Горин взглянул на часы. Строго говоря, это было невежливо; такая мысль почему-то развеселила Горина. И до восхода оставалось уже немного.

— Одну минуту, профессор. Скажите: вы оптимист?

— Я? Как вам сказать, друг мой… Полагаю, что ученый по природе своей должен быть здоровым пессимистом. Потому что, зная невозможность достижения конечной цели — абсолютного знания, — он все же делает все возможное для постижения частностей. И конечно, исходит при этом из объективных данных. И занимается этим всю жизнь. Всю жизнь! Этого вы не забыли?

Горин, помолчав, ответил:

— Нет.

— Вот и великолепно. Да, вы не голодны? Я хочу есть.

Серов громко зачмокал. Но Горину есть все равно не захотелось. Было такое ощущение, словно он насытился навсегда.

— Ну вот, — удовлетворенно сказал старик. — Итак, начнем с того, что нам повезло.

— Повезло?

— Вне всякого сомнения. Наблюдать подобное явление, если не ошибаюсь, не приходилось еще никому. В литературе, во всяком случае, подобное не описывалось… О!

— Что?

— Нет, пустяки… Следовательно, не будем терять времени. Я не люблю терять время, вы, надеюсь, имеете об этом представление. Давайте же проанализируем то, что мы наблюдали, и попытаемся установить причины.

— Вы думаете, в этом есть смысл?

— Приступая к работе, я всегда предпочитаю думать, что результат будет достигнут, и… Да. Итак, восстановим последовательность событий. Да вы примете таблетку или нет? Что вы за работник с больной головой? Примите сейчас же. Возьмите там, справа…

— Да, знаю, — пробормотал Горин.

Он проглотил таблетку и запил водой. Оказывается, ему хотелось пить. Таблетка подействовала почти мгновенно.

— Другое дело, — сказал старик. — Даже дыхание у вас нормализовалось. Итак, что мы имели вначале? Предмет…

— Лучше — тело, — сказал Горин.

— Почему — лучше? Хорошо, пусть тело. Итак, тело, обладающее массой… Попытайтесь охарактеризовать массу как можно точнее.

Горин помолчал, подсчитывая.

— Полагаю, — сказал он, невольно подражая манере старика, — что масса составляла… на интересующий нас момент… двадцать семь тысяч — двадцать семь тысяч пятьсот тонн.

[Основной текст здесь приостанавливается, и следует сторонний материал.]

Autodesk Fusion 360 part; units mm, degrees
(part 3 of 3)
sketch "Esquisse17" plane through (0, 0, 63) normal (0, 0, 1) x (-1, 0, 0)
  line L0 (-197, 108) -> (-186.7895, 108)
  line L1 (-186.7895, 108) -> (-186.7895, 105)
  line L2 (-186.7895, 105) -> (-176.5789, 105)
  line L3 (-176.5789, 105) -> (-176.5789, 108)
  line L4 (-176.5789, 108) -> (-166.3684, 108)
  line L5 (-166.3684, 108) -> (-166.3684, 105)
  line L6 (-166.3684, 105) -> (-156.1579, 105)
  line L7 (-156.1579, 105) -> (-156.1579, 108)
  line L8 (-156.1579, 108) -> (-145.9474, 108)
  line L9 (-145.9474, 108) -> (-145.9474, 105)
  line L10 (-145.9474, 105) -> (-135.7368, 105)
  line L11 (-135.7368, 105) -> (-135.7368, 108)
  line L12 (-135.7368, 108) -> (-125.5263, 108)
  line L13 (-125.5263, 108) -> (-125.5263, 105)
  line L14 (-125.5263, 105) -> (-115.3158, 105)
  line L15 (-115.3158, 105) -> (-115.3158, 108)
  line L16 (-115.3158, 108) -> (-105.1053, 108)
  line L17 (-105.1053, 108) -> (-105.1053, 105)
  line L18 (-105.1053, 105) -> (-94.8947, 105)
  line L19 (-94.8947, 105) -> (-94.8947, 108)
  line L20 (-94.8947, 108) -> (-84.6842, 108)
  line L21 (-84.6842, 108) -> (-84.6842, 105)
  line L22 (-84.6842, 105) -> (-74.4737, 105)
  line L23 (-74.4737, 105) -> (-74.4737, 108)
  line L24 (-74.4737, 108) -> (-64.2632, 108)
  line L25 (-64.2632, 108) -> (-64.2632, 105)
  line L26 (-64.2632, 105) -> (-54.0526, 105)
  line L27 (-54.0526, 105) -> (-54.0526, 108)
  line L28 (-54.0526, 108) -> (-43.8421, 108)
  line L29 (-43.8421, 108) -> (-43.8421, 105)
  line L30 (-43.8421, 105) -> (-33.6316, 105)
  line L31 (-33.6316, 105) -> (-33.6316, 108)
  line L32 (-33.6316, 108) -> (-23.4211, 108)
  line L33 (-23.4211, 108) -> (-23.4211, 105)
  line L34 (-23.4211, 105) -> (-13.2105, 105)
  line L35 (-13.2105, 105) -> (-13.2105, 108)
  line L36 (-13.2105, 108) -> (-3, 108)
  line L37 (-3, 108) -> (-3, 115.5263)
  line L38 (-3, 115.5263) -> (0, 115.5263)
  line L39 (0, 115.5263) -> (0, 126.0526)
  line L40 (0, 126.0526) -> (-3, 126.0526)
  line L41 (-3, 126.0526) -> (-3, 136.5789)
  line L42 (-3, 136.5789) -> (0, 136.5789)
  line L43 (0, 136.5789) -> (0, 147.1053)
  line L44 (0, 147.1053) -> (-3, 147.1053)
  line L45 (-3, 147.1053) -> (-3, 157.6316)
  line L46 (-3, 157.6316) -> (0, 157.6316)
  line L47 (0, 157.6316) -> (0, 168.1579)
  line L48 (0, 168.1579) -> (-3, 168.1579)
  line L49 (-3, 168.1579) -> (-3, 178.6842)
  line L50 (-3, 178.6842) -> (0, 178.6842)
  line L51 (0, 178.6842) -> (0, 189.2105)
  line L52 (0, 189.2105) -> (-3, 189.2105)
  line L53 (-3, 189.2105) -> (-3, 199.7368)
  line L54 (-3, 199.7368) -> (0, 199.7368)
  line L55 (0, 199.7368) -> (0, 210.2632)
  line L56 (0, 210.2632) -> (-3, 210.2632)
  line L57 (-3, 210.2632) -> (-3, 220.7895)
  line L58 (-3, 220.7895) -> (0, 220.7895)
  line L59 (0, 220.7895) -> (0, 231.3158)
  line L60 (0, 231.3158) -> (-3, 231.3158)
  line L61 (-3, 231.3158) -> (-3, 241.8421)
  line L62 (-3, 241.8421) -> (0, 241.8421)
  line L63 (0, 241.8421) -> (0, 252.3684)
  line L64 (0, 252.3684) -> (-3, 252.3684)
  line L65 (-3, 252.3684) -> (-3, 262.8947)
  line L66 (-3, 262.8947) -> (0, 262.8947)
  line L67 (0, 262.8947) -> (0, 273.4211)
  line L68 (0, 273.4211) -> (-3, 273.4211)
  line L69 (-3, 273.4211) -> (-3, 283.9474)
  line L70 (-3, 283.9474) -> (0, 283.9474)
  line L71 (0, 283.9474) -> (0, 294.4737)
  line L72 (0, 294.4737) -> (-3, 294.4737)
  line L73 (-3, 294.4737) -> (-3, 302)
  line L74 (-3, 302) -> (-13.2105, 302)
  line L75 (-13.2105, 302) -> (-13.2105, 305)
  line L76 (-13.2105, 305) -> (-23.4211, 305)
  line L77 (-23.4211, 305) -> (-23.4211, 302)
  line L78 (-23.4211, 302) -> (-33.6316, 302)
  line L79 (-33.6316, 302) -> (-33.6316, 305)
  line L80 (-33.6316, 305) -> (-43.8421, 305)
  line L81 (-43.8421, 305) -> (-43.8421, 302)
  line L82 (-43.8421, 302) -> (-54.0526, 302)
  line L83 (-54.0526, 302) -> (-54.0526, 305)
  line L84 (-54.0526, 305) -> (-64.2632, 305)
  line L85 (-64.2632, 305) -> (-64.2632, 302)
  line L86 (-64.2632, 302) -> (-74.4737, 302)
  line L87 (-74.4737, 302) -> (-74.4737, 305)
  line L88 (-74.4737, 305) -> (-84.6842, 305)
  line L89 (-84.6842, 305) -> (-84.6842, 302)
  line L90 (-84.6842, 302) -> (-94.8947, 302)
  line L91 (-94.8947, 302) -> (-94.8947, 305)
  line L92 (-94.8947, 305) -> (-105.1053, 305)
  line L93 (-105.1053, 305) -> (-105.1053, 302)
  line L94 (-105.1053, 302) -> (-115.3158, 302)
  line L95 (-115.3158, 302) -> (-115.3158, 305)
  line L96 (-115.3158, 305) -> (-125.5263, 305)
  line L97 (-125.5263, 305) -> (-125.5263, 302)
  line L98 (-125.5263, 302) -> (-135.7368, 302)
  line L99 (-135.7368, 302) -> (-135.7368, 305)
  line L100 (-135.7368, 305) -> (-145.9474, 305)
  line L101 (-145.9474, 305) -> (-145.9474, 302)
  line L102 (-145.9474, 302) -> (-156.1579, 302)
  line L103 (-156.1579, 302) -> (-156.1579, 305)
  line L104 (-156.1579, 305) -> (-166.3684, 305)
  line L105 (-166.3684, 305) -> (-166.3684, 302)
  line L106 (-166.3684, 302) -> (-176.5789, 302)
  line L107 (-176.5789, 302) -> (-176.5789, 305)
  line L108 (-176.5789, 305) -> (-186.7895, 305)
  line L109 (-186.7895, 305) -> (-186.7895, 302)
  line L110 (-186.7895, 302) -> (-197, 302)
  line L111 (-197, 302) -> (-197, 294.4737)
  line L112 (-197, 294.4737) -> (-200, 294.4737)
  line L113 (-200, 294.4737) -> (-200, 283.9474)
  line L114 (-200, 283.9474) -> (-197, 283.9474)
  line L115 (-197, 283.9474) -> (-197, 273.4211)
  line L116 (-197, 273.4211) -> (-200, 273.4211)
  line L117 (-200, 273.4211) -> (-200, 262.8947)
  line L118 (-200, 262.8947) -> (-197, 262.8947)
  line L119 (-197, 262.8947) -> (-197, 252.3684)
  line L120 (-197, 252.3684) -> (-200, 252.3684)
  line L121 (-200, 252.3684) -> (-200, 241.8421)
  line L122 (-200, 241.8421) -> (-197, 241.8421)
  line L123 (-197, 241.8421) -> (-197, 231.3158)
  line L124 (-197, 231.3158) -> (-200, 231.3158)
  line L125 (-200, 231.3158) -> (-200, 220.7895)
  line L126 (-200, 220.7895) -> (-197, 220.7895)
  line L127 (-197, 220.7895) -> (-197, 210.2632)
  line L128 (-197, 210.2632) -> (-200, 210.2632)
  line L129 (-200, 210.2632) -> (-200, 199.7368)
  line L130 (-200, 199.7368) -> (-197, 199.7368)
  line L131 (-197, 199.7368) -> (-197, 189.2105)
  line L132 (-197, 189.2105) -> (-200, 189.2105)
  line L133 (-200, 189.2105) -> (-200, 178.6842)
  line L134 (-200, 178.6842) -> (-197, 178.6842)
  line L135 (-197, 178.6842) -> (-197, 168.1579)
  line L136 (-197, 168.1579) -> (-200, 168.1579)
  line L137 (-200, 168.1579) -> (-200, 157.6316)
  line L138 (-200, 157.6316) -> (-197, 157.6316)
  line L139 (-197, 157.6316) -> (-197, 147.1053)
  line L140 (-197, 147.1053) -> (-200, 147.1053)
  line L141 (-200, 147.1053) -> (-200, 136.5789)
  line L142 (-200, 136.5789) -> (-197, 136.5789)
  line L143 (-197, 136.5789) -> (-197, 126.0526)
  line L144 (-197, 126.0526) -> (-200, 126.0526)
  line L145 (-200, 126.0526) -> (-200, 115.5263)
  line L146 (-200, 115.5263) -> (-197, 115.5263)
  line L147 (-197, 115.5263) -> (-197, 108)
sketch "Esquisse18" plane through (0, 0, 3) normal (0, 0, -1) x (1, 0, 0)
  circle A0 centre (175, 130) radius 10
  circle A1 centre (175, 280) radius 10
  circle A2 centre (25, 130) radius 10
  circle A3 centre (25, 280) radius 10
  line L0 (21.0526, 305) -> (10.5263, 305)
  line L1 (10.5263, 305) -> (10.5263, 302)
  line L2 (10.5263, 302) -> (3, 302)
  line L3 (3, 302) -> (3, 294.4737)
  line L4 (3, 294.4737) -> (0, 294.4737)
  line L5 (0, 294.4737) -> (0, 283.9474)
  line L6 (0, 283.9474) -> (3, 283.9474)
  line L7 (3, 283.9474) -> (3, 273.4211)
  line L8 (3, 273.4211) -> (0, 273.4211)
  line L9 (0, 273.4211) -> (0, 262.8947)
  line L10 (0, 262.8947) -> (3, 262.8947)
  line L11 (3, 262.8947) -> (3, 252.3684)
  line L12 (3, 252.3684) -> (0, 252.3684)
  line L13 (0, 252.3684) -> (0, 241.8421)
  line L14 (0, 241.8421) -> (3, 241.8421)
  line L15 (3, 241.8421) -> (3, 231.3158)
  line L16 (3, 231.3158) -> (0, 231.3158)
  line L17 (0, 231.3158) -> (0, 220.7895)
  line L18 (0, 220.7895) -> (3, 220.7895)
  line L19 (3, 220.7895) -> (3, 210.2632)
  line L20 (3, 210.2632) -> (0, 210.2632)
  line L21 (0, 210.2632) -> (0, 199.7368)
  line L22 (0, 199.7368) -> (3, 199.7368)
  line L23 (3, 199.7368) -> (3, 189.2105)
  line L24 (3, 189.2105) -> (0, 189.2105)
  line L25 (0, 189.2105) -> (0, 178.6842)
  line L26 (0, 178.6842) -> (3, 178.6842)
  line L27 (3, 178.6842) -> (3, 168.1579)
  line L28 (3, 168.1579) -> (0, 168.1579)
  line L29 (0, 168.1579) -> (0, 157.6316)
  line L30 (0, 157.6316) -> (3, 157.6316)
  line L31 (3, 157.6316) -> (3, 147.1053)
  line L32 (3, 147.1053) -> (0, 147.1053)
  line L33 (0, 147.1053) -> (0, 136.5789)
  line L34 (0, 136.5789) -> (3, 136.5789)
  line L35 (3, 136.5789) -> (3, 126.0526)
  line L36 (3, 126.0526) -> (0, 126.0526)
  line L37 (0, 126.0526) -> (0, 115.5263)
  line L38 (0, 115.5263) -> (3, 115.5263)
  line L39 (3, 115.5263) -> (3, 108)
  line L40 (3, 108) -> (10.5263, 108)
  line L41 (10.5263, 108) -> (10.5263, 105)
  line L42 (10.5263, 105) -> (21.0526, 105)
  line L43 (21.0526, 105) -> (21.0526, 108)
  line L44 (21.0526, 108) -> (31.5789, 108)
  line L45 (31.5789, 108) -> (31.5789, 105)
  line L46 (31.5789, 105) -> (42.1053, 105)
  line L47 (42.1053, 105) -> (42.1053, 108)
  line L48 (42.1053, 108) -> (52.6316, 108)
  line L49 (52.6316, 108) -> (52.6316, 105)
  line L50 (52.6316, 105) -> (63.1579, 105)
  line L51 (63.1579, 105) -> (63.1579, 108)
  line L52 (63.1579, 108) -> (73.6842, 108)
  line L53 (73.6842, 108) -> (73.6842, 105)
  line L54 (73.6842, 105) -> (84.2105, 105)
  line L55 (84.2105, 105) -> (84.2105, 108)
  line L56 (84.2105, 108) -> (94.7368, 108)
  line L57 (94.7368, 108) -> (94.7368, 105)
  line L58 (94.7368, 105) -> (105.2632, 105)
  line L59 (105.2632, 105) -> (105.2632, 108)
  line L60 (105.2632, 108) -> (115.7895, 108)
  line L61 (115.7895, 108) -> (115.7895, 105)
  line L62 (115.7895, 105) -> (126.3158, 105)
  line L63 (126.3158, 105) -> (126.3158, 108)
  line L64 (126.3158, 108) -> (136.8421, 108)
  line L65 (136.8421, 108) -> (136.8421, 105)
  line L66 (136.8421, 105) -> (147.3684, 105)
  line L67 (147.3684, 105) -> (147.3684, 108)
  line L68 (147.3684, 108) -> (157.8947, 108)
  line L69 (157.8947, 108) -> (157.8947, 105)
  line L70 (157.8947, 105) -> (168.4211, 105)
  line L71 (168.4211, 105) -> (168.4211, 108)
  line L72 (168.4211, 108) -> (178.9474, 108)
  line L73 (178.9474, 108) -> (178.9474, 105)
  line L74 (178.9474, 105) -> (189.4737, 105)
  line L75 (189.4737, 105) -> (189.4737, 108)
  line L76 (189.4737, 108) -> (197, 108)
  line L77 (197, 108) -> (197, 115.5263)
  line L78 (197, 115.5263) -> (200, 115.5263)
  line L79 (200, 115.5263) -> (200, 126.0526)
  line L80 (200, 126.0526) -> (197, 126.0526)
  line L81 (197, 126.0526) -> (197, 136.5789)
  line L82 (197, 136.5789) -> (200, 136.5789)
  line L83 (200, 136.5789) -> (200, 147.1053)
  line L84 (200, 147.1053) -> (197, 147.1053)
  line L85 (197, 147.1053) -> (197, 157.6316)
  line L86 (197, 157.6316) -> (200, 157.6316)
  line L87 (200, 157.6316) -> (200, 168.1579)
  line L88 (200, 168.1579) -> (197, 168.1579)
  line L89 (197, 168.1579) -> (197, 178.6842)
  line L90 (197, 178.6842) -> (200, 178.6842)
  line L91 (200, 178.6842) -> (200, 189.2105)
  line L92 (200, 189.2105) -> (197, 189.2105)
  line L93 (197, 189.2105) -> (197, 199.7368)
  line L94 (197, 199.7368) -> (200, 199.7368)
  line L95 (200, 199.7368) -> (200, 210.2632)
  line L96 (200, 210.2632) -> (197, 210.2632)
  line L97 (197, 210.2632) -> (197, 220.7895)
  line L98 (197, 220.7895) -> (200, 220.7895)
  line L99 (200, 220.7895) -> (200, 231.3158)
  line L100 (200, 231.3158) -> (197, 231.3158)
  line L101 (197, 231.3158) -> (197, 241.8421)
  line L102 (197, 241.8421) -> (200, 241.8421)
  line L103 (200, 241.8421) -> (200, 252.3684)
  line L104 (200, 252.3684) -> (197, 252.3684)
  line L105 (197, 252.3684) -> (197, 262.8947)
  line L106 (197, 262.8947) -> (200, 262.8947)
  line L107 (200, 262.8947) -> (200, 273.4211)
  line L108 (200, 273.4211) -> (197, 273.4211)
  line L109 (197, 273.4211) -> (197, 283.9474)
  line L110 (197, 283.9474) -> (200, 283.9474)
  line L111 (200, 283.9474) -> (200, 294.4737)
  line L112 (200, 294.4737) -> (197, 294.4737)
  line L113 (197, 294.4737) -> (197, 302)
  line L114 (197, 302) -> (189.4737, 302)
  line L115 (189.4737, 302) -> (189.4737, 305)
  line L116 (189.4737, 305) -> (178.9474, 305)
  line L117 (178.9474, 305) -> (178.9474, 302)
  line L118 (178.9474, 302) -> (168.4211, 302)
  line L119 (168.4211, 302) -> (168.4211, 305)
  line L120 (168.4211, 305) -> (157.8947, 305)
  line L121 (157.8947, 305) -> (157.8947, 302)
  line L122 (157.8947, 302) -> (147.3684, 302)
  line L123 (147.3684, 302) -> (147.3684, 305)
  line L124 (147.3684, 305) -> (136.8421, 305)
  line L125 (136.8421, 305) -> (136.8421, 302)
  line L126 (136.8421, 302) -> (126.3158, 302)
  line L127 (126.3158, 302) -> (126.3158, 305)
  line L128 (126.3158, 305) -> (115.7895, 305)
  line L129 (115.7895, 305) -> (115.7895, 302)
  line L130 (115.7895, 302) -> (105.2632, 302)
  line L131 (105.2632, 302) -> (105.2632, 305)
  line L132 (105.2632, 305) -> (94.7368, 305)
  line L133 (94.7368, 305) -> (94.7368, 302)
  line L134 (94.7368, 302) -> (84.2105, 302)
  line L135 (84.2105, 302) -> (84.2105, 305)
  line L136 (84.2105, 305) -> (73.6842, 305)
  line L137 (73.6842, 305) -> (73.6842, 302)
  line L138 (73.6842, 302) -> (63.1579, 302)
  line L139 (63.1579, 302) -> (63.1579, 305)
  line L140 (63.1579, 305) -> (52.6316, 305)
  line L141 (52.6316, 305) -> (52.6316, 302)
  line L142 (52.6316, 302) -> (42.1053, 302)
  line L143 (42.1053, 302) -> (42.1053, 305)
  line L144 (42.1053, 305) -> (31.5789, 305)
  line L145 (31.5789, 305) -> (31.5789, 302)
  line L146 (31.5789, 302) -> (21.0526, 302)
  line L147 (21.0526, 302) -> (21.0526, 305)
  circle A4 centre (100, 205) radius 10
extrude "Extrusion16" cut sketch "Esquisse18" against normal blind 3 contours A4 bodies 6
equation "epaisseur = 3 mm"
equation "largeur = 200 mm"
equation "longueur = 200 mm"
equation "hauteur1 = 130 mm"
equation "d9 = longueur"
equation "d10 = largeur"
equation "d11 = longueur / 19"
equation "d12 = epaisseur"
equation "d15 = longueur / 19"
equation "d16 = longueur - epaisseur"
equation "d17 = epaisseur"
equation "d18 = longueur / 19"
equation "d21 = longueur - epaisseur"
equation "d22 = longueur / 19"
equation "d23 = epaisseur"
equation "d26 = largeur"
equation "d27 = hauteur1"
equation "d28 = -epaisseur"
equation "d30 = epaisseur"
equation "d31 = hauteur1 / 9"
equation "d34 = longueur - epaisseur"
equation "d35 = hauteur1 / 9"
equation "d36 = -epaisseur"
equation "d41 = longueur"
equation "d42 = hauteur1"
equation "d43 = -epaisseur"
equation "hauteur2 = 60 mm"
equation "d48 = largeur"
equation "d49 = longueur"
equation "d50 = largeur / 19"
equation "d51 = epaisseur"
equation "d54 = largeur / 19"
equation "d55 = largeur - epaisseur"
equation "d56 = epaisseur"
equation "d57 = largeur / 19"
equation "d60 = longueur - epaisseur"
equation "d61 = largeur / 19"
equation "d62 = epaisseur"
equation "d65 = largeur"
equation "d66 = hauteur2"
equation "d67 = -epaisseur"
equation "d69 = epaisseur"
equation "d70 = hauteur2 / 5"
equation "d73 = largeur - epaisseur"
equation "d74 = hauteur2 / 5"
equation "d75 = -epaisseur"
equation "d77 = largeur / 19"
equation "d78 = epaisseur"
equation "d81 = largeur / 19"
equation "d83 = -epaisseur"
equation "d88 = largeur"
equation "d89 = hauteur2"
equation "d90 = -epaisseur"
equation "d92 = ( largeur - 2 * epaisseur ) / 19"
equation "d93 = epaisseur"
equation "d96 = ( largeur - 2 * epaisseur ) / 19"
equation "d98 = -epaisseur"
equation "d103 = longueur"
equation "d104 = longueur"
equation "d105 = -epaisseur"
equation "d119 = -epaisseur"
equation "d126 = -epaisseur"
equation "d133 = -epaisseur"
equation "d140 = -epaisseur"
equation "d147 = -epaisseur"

Он поморщился: красный огонек раздражал его, и звук падающих капель тоже. Но тут ничего нельзя было поделать.

— Для простоты примем двадцать семь тысяч. Следовательно, тело, обладавшее массой в двадцать семь тысяч тонн, соприкасалось с грунтом в отдельных точках…

— В шести точках, — уточнил Горин.

— В шести точках — в течение…

— Сейчас… Двух часов и четырнадцати минут.

— Двух часов и четырнадцати минут. Коллега, вы наблюдали на протяжении этих двух часов и четырнадцати минут что-либо, что можно было бы теперь интерпретировать как начало процесса?

— Нет, — сказал Горин. Он подумал еще, пытаясь вспомнить, и повторил: — Нет.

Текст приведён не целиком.